To find the values of $\Phi (\cdot )$, you can use this Z-table.

Closure of the Normal Distribution: Let $X\sim \mathcal {N}(\mu ,\sigma ^{2})$. Then, $aX + b\sim \mathcal {N}(a\mu + b,a^{2}\sigma ^{2}$). That is, linear transformations of normal random variables are still normal. Thus, for example, if $X\sim \mathcal {N}(\mu ,\ \sigma ^{2})$, then $Z = \frac {X - \mu }{\sigma }\sim \mathcal {N}(0,1)$.

“Reproductive” Property of Normals: Let $X_{1},\ldots ,X_{n}$ be independent normal random variables with $\Exp [X_i]=\mu _i$ and $\Var (X_i)=\sigma _i^2$. Let $a_{1},\ldots ,a_{n} \in \mathbb {R}$ and $b \in \mathbb {R}$. Then,

\[X = \sum _{i = 1}^{n}({a_{i}X}_{i} + b)\sim \mathcal {N}\left ( \sum _{i = 1}^{n}({a_{i}\mu _{i}} + b),\sum _{i = 1}^{n}{a_{i}^{2}\sigma _{i}^{2}} \right )\]

There’s nothing special about the parameters – the important result here is that the resulting random variable is still normally distributed.
Central Limit Theorem (CLT): Let $X_{1},\ldots ,X_{n}$ be iid random variables with $\Exp [X_i] = \mu $ and $\Var (X_i) = \sigma ^{2}$. Let $X = \sum _{i = 1}^{n}X_{i}$, which has $\Exp [X] = n\mu $ and $\Var (X) = n\sigma ^{2}$. Let $\overline {X} = \frac {1}{n}\sum _{i = 1}^{n}X_{i}$, which has $\Exp [\overline {X}] = \mu $ and $\Var (\overline {X}) = \frac {\sigma ^{2}}{n}$. $\overline {X}$ is called the sample mean. Then, as $n \rightarrow \infty $, $\overline {X}$ approaches the normal distribution $\mathcal {N}\left ( \mu ,\frac {\sigma ^{2}}{n} \right )$. Standardizing, this is equivalent to $Y = \frac {\overline {X} - \mu }{\sigma /\sqrt {n}}$ approaching $\mathcal {N}(0,1)$. Similarly, as $n \rightarrow \infty $, $X$ approaches $\mathcal {N}(n\mu ,n\sigma ^{2})$ and $Y' = \frac {X - n\mu }{\sigma \sqrt {n}}$ approaches $\mathcal {N}(0,1)$. It is no surprise that $\overline {X}$ has mean $\mu $ and variance $\sigma ^{2}/n$ – we have seen this before and it is easy to show. The importance of the CLT is that, for large $n$, regardless of what distribution $X_{i}$ comes from, $\overline {X}$ is approximately normally distributed with mean $\mu $ and variance $\sigma ^{2}/n$.

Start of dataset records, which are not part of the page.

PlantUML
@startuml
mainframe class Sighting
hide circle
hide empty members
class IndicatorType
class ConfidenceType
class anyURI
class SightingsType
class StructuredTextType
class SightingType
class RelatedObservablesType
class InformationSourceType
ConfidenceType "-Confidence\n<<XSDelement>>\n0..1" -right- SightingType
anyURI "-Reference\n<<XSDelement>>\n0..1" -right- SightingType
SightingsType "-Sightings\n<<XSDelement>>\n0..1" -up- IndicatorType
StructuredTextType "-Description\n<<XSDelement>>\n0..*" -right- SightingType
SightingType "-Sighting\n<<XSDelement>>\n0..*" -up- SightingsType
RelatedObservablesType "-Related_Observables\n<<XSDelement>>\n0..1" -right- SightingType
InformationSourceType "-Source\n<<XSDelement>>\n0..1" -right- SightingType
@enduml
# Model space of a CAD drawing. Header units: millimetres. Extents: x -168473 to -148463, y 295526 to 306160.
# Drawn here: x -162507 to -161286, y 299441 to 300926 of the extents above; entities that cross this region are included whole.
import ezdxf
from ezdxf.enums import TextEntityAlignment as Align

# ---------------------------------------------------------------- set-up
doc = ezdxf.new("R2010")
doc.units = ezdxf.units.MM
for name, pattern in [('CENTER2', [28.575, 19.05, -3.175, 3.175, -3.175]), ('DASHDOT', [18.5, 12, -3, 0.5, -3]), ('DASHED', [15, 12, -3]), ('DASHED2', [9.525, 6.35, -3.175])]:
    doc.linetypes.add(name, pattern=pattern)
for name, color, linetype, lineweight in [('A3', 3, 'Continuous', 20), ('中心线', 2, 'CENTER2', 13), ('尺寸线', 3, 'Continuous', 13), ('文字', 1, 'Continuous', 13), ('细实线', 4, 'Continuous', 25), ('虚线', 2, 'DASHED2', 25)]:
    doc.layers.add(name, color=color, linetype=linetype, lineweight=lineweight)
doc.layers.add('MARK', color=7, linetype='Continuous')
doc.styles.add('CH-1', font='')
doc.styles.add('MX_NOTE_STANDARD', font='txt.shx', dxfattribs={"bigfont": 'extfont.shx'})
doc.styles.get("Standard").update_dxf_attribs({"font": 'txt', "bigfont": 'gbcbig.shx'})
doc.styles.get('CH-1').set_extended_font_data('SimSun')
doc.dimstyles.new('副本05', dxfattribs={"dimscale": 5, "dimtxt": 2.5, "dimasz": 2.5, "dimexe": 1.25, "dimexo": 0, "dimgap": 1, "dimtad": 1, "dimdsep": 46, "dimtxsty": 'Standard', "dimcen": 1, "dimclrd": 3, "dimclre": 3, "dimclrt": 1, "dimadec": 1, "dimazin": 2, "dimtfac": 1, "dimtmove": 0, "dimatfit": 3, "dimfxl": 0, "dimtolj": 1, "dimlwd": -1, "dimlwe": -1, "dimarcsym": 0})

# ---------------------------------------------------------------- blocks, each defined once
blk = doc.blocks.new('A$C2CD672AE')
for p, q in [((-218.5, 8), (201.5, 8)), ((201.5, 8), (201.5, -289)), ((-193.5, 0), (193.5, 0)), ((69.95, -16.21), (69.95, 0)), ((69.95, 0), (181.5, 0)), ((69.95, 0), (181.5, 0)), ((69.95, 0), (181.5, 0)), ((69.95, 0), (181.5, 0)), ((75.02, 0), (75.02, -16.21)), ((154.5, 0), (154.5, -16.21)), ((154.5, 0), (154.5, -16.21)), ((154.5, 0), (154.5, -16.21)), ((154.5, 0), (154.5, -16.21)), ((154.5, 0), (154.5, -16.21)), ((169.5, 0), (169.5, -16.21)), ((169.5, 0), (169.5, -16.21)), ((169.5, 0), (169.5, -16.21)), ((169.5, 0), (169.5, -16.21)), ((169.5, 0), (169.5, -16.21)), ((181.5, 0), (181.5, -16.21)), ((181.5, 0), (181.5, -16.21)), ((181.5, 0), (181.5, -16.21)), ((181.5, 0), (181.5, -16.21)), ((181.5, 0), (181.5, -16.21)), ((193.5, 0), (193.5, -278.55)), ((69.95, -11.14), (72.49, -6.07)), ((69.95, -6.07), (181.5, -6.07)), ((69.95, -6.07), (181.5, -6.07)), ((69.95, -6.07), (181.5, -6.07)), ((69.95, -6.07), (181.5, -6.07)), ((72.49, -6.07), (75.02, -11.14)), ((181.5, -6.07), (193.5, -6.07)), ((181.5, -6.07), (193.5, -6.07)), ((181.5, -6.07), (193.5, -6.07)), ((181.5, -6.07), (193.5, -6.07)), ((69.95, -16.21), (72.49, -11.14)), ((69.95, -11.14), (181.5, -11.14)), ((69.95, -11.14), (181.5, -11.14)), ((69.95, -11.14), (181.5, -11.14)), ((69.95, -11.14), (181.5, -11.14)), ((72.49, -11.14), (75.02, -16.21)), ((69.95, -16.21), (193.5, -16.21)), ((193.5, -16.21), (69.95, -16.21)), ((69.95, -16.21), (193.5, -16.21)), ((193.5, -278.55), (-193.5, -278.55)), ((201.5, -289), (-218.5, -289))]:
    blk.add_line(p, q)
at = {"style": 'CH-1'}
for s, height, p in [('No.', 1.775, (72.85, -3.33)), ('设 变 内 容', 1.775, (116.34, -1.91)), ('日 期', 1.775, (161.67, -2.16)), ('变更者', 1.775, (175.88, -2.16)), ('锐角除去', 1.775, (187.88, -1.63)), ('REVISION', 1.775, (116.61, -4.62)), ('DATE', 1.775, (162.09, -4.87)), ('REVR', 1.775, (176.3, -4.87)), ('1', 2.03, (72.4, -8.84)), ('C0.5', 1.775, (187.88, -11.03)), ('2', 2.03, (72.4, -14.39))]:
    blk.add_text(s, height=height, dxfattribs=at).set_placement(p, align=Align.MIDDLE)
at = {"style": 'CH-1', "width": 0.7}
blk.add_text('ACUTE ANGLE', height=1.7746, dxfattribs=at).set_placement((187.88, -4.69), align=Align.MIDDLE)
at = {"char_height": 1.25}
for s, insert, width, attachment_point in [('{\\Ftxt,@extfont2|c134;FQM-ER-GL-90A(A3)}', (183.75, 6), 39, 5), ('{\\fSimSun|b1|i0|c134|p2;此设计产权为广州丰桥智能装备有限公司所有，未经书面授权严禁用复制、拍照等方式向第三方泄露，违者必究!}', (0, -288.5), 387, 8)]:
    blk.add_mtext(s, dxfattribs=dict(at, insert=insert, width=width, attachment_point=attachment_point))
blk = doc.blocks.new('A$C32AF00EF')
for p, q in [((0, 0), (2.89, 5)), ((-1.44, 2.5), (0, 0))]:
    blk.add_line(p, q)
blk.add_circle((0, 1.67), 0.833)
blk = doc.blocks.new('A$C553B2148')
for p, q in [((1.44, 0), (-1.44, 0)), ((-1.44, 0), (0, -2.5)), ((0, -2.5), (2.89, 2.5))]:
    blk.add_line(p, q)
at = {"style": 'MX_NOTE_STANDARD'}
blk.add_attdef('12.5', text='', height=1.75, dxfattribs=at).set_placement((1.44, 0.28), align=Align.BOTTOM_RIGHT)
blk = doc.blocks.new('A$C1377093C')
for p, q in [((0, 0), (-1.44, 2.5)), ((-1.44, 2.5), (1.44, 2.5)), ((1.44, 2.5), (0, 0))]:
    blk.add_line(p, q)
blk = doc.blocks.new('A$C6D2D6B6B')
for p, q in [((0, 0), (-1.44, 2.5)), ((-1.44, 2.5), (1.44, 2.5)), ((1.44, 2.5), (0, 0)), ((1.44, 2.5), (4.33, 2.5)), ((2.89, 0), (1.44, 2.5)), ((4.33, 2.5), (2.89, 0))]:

Announcements & Plan for Section

Announcements

PSet 4 grades were released and can be viewed on Gradescope. Regrade requests will close on 5/9. We highly recommend taking a look at any feedback received, the common errors doc on Ed, and the solutions that were posted on Ed.
Pset 5 was due yesterday.
Pset 6 is released - will be due 2 weeks from now on 5/20.
This week’s focus: continuous distributions and midterm prep

Plan for Section

Content Review (Problem 1)
Go over practice midterm (linked below)

Suggested midterm problems to focus on: Task 1e, Task 2 (all parts), Task 3 c-f

Be sure to check out the remaining problems (especially 4, 10, and 14) before you do your homework.

Midterm Prep Resources

Link to information about exam.
Link to draft cheat sheet.
Link to practice midterm and solutions to practice midterm

1 Content Review

a)

What is $\Pr (X=4)$ if $X$ is a continuous random variable?

$1$
$0$
not enough information

b)

The cumulative distribution function for a continuous random variable $X$ is $F_X(k) =$

$\int _{-\infty }^{k} f_X(x)dx$
$\int _{-\infty }^{\infty } f_X(x)dx$
$\int _{k}^{\infty } f_X(x) dx$
$\frac {d}{dk} f_X(k)$

c)

The probability density function for a continuous random variable $X$ is $f_X(k) =$

$\int _{-\infty }^{k} f_X(x)dx$
$\frac {d}{dk} F_X(k)$

d)

True or False. If $X$ is a continuous random variable, $\Exp [X] = \int _{-\infty }^{\infty } x f_X(x)dx$

e)

True or False. If $X$ is a continuous random variable, $\Var (X) = \Exp [X^2] - (\Exp [X])^2$

f)

Which of the following follow an $\textsf {Exponential}(\lambda )$ distribution?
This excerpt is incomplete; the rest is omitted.